Дочитал теоретические рассуждения, перешел к практике. Практическую часть открывал способ изготовления соляной воды: «…Возьми пактавианской соли, хорошенько размеси в медной ступке. Наполни ей семь сосудов малых, залей дождевой водой…». Далее, в течение семи дней, полученный раствор следовало настаивать на тихом огне в закупоренных емкостях, до тех пор, «пока соль не станет металлу подобна». Твердую составляющую надлежало выкинуть без жалости, а жидкость использовать для растворения полученных на предыдущих этапах Искусства веществ. «Процедура сия изобретена для того, чтобы скрытые качества веществ могли бы стать явными твоему взору, а явленные качества, наоборот, могли бы уйти вглубь…». Язык изложения был ничуть не проще, чем в первых главах, но Николай с удивлением обнаружил, что читать стало гораздо легче. Голова почти не болела, лишь опухала малость, латинские фразы легко укладывались в мозгу, даже некий смысл иногда проступал сквозь хитросплетенные словеса. Все шло хорошо, пока не дошло дело до рисунка, завершающего главу: сияющий лебедь на поверхности пруда, и надпись: «divina sibi conit et orbi» — «он божественно поет для себя и мира». Разглядывая рисунок, Николай неожиданно ощутил резкое желание искупаться, отложил рукопись, и, забыв про то, что на улице осень, побежал к речке, которую успел заметить еще утром. Только дверь хлопнула удивленно, да сумерки гостеприимно поглотили человеческую фигуру.
Добежав до берега, Николай остановился, зачарованный. Вода светилась, под поверхностью скользили смутные образы. Это была не просто мертвая совокупность молекул, а живое, дышащее пространство, совсем иное, чем то, в котором привык жить человек. Новое видение дало Николаю возможность прикоснуться, краем взгляда увидеть эту удивительную жизнь. В ветвях прибрежной ивы кричала противным голосом птица, кто-то невидимый гулко плескался у другого берега, но Николаю не было никакого дела до того, что происходит вокруг. Завороженный матовым зеленовато-голубым свечением, он разделся. Вода оказалась удивительно теплой, как парное молоко, ласково, иначе не скажешь, охватила тело. Словно нежные женские руки скользнули по плечам, груди и ниже, ниже, смывая страх, неуверенность, боль, усталость, что накопились за всю жизнь. Все это спадало темными хлопьями и растворялось в сверкающей, как Млечный Путь, жидкости.
Купался Николай долго, переплыл речку раз пять, нырял с открытыми глазами, ощущая, как свет проникает в глазные яблоки, что-то меняя там, очищая. Выбрался на берег совершенно обессилевши, но очень довольным. На душе было легко и радостно. Но тут долго ждавший своего часа холод пошел в атаку. Острые когти вечернего морозца впились в тело, перехватили дыхание. Николай торопливо оделся, и уже через десять минут сидел за столом, укутанный в одеяло, а Акулина поила его душистым отваром, приговаривая ласково:
— Пей, пей. От этих трав такая польза, которой ни в одном лекарстве нет, — Николай послушно пил, блаженное тепло растекалось по телу, и все сильнее и сильнее тянуло спать.

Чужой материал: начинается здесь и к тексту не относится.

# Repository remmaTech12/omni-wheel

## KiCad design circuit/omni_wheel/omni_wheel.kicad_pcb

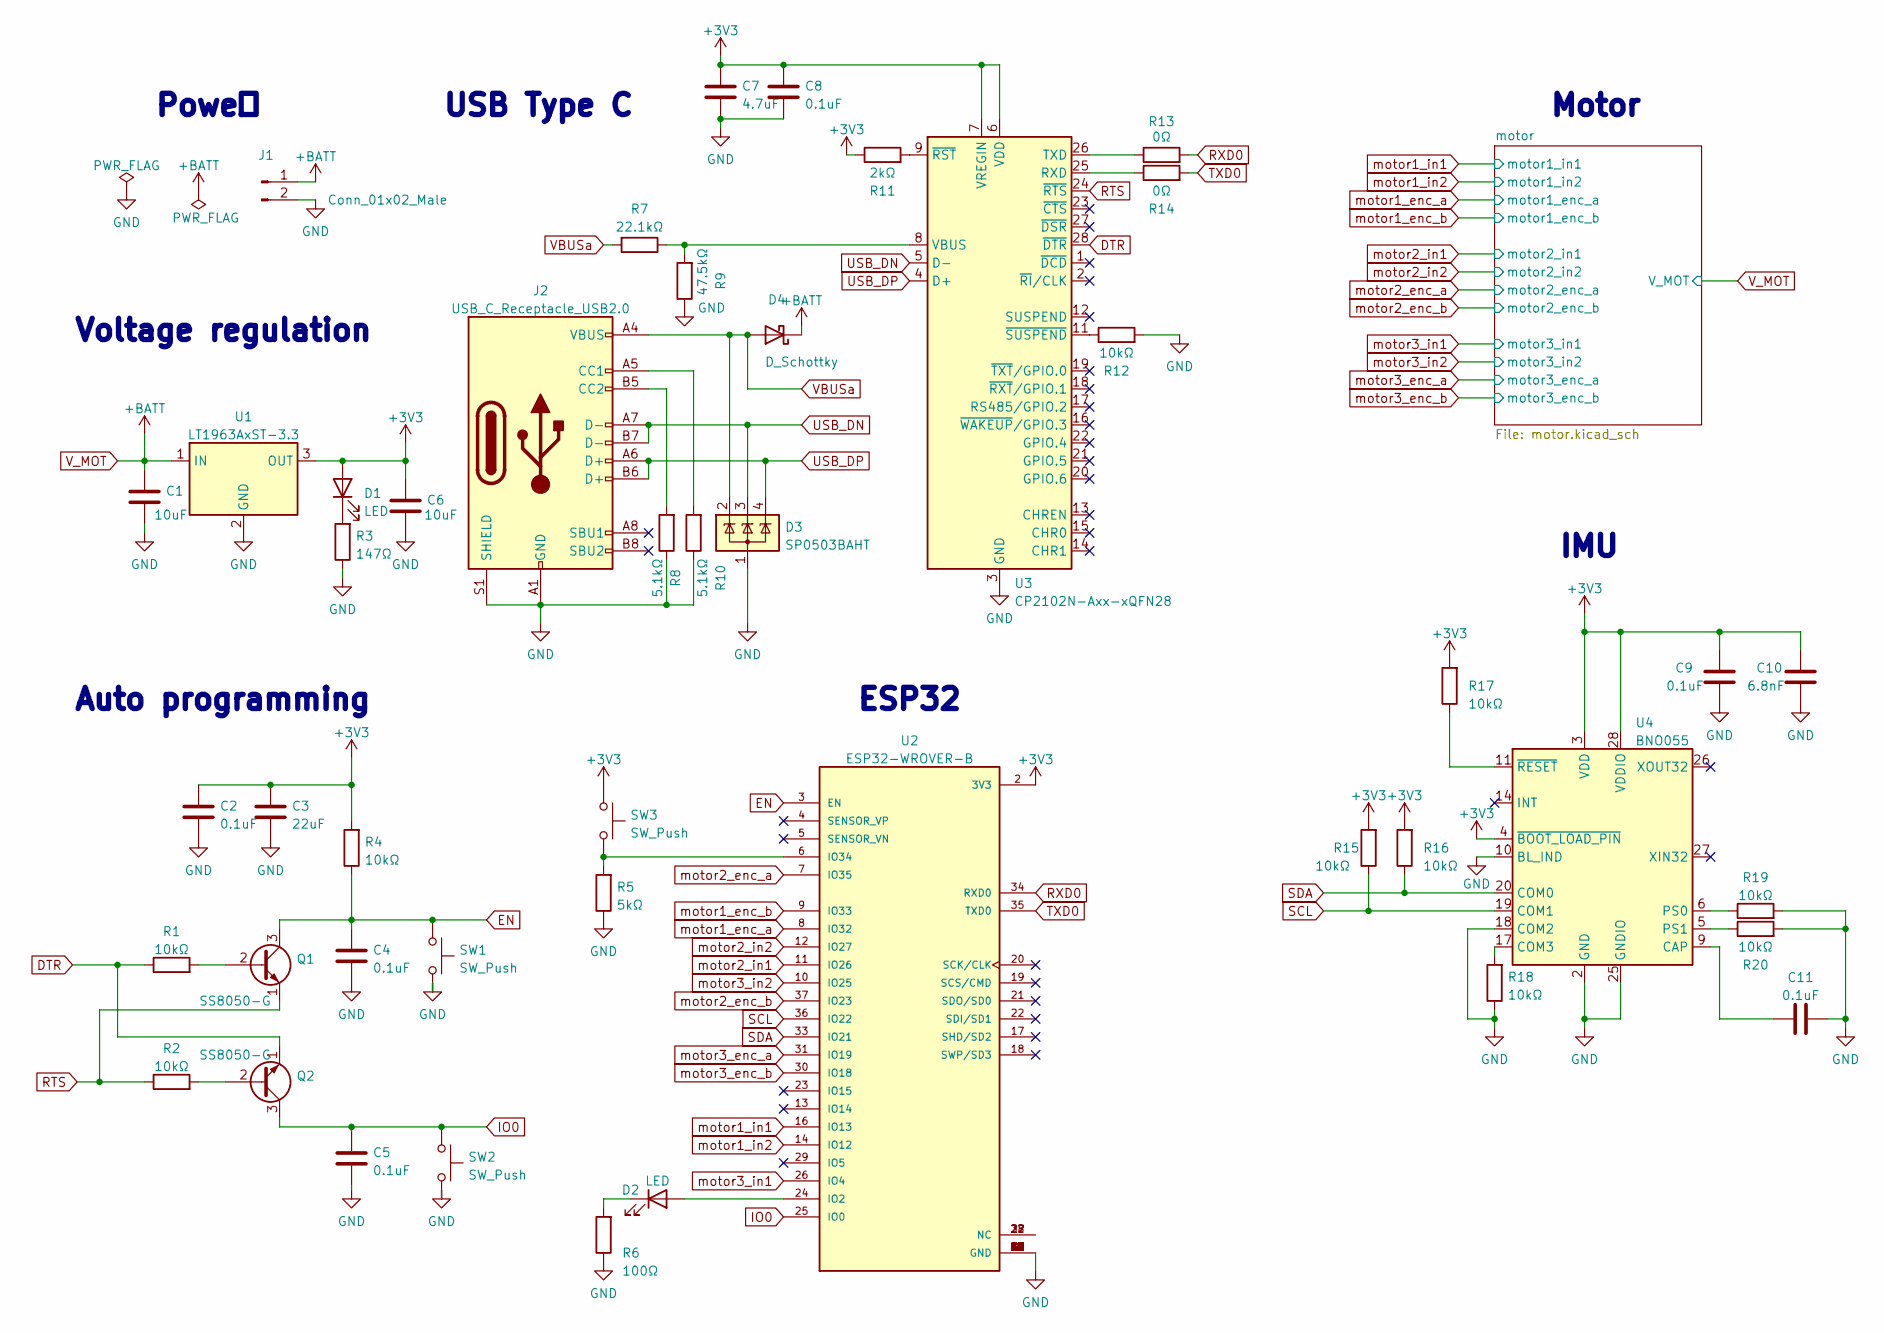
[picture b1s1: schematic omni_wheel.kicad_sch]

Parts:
C1, C6: 10uF; C_0603_1608Metric
C2, C4, C5, C8, C9, C11: 0.1uF; C_0603_1608Metric
C3: 22uF; C_0603_1608Metric
C7: 4.7uF; C_0603_1608Metric
C10: 6.8nF; C_0603_1608Metric
D1, D2: LED; D_0603_1608Metric
D3: SP0503BAHT; SOT-143
D4: D_Schottky; D_0603_1608Metric
J1: Conn_01x02_Male; PinSocket_1x02_P2.54mm_Vertical
J2: USB_C_Receptacle_USB2.0; USB_C_Receptacle_Amphenol_12401610E4-2A
Q1, Q2: SS8050-G; SOT-23
R1, R2, R4, R12, R15, R16, R17, R18, R19, R20: 10kΩ; R_0603_1608Metric
R3: 147Ω; R_0603_1608Metric
R5: 5kΩ; R_0603_1608Metric
R6: 100Ω; R_0603_1608Metric
R7: 22.1kΩ; R_0603_1608Metric
R8, R10: 5.1kΩ; R_0603_1608Metric
R9: 47.5kΩ; R_0603_1608Metric
R11: 2kΩ; R_0603_1608Metric
R13, R14: 0Ω; R_0603_1608Metric
SW1, SW2: SW_Push; SW_Push_1P1T_NO_CK_KMR2
SW3: SW_Push; SW_Push_1P1T_NO_6x6mm_H9.5mm
U1: LT1963AxST-3.3; SOT-223-3_TabPin2
U2: ESP32-WROVER-B; MODULE_ESP32-WROVER-B; PARTREV v1.6
U3: CP2102N-Axx-xQFN28; QFN-28-1EP_5x5mm_P0.5mm_EP3.35x3.35mm
U4: BNO055; LGA-28_5.2x3.8mm_P0.5mm

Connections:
+3V3: C2.1, C3.1, C6.1, C7.1, C8.1, C9.2, C10.2, D1.2 (A), R4.2, R11.1, R15.2, R16.2, R17.2, SW3.1, U1.3 (OUT), U2.2 (3V3), U3.6 (VDD), U3.7 (VREGIN), U4.3 (VDD), U4.4 (~BOOT_LOAD_PIN), U4.28 (VDDIO); also elsewhere on the board
DTR: Q2.1 (E), R1.1, U3.28 (~DTR)
EN: C4.1, Q1.3 (C), R4.1, SW1.1, U2.3 (EN)
GND: C1.2, C2.2, C3.2, C4.2, C5.2, C6.2, C7.2, C8.2, C9.1, C10.1, C11.2, D3.1 (A), J1.2, J2.A1 (GND), J2.A12 (GND), J2.B1 (GND), J2.B12 (GND), J2.S1 (SHIELD), R3.1, R5.1, R6.1, R8.1, R9.1, R10.1, R12.2, R18.1, R19.2, R20.2, SW1.2, SW2.2, U1.2 (GND), U2.1 (GND), U2.15 (GND), U2.38 (GND), U2.39 (GND), U2.40 (GND), U2.41 (GND), U2.42 (GND), U2.43 (GND), U2.44 (GND), U2.45 (GND), U2.46 (GND), U2.47 (GND), U2.48 (GND), U2.49 (GND), U2.50 (GND), U2.51 (GND), U2.52 (GND), U2.53 (GND), U2.54 (GND), U2.55 (GND), U2.56 (GND), U2.57 (GND), U2.58 (GND), U2.59 (GND), U3.3 (GND), U3.29 (GND), U4.2 (GND), U4.10 (BL_IND), U4.15 (GNDIO), U4.16 (GNDIO), U4.18 (COM2), U4.25 (GNDIO); also elsewhere on the board
IO0: C5.1, Q2.3 (C), SW2.1, U2.25 (IO0)
unnamed: C11.1, U4.9 (CAP)
unnamed: D1.1 (K), R3.2
unnamed: D2.1 (K), R6.2
unnamed: D2.2 (A), U2.24 (IO2)
unnamed: J2.A5 (CC1), R10.2
unnamed: J2.B5 (CC2), R8.2
unnamed: Q1.2 (B), R1.2
unnamed: Q2.2 (B), R2.2
unnamed: R5.2, SW3.2, U2.6 (IO34)
unnamed: R7.1, R9.2, U3.8 (VBUS)
unnamed: R11.2, U3.9 (~RST)
unnamed: R12.1, U3.11 (~SUSPEND)
unnamed: R13.1, U3.26 (TXD)
unnamed: R14.1, U3.25 (RXD)
unnamed: R17.1, U4.11 (~RESET)
unnamed: R18.2, U4.17 (COM3)
unnamed: R19.1, U4.6 (PS0)
unnamed: R20.1, U4.5 (PS1)
unnamed: U2.27 (NC), U2.28 (NC), U2.32 (NC)
RTS: Q1.1 (E), R2.1, U3.24 (~RTS)
RXD0: R13.2, U2.34 (RXD0)
SCL: R15.1, U2.36 (IO22), U4.19 (COM1)
SDA: R16.1, U2.33 (IO21), U4.20 (COM0)
TXD0: R14.2, U2.35 (TXD0)
USB_DN: D3.3 (K), J2.A7 (D-), J2.B7 (D-), U3.5 (D-)
USB_DP: D3.4 (K), J2.A6 (D+), J2.B6 (D+), U3.4 (D+)
VBUSa: D3.2 (K), D4.2 (A), J2.A4 (VBUS), J2.A9 (VBUS), J2.B4 (VBUS), J2.B9 (VBUS), R7.2
V_MOT: C1.1, D4.1 (K), J1.1, U1.1 (IN); also elsewhere on the board
motor1_enc_a: U2.8 (IO32); also elsewhere on the board
motor1_enc_b: U2.9 (IO33); also elsewhere on the board
motor1_in1: U2.16 (IO13); also elsewhere on the board
motor1_in2: U2.14 (IO12); also elsewhere on the board
motor2_enc_a: U2.7 (IO35); also elsewhere on the board
motor2_enc_b: U2.37 (IO23); also elsewhere on the board
motor2_in1: U2.11 (IO26); also elsewhere on the board
motor2_in2: U2.12 (IO27); also elsewhere on the board
motor3_enc_a: U2.31 (IO19); also elsewhere on the board
motor3_enc_b: U2.30 (IO18); also elsewhere on the board
motor3_in1: U2.26 (IO4); also elsewhere on the board
motor3_in2: U2.10 (IO25); also elsewhere on the board

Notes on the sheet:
Motor
Poweｒ
Auto programming
IMU
USB Type C
Voltage regulation
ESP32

Глава 11. Разрешенное волшебство
Влажная пропасть сольется
С бездной эфирных высот
Таинство — небом дается,
Слитность — зеркальностью вод
К. Бальмонт
К десяти утра приехал Смирнов. До этого момента Николай успел десяток раз представить все возможные варианты разговора. Так изнервничался в ожидании, что даже вспотел. Акулина, заметив мучения гостя, пожалела:
— Да что ты мучаешься-то, перестань. Раз уж племянник тебя ко мне отправил, значит, по сердцу ты ему пришелся. Все будет хорошо, — невидимые ладони погладили Николая по вискам, он успокоился и впервые за утро смог улыбнуться.
Откопал на шкафу старый номер журнала «Крестьянка» и уже спокойно дождался момента, когда из-за леса возник, приблизился и около дома стих шум мотора. Стукнула калитка, Николай отложил чтение. Смирнову пришлось нагнуться, чтобы пройти в дверь. На этот раз гигант улыбался, ни следа не осталось от той недоброжелательности, с которой столкнулся Николай в прошлую встречу.
— Рад видеть, — прогудел Смирнов, и ладонь Николая целиком утопла в огромной вошедшего.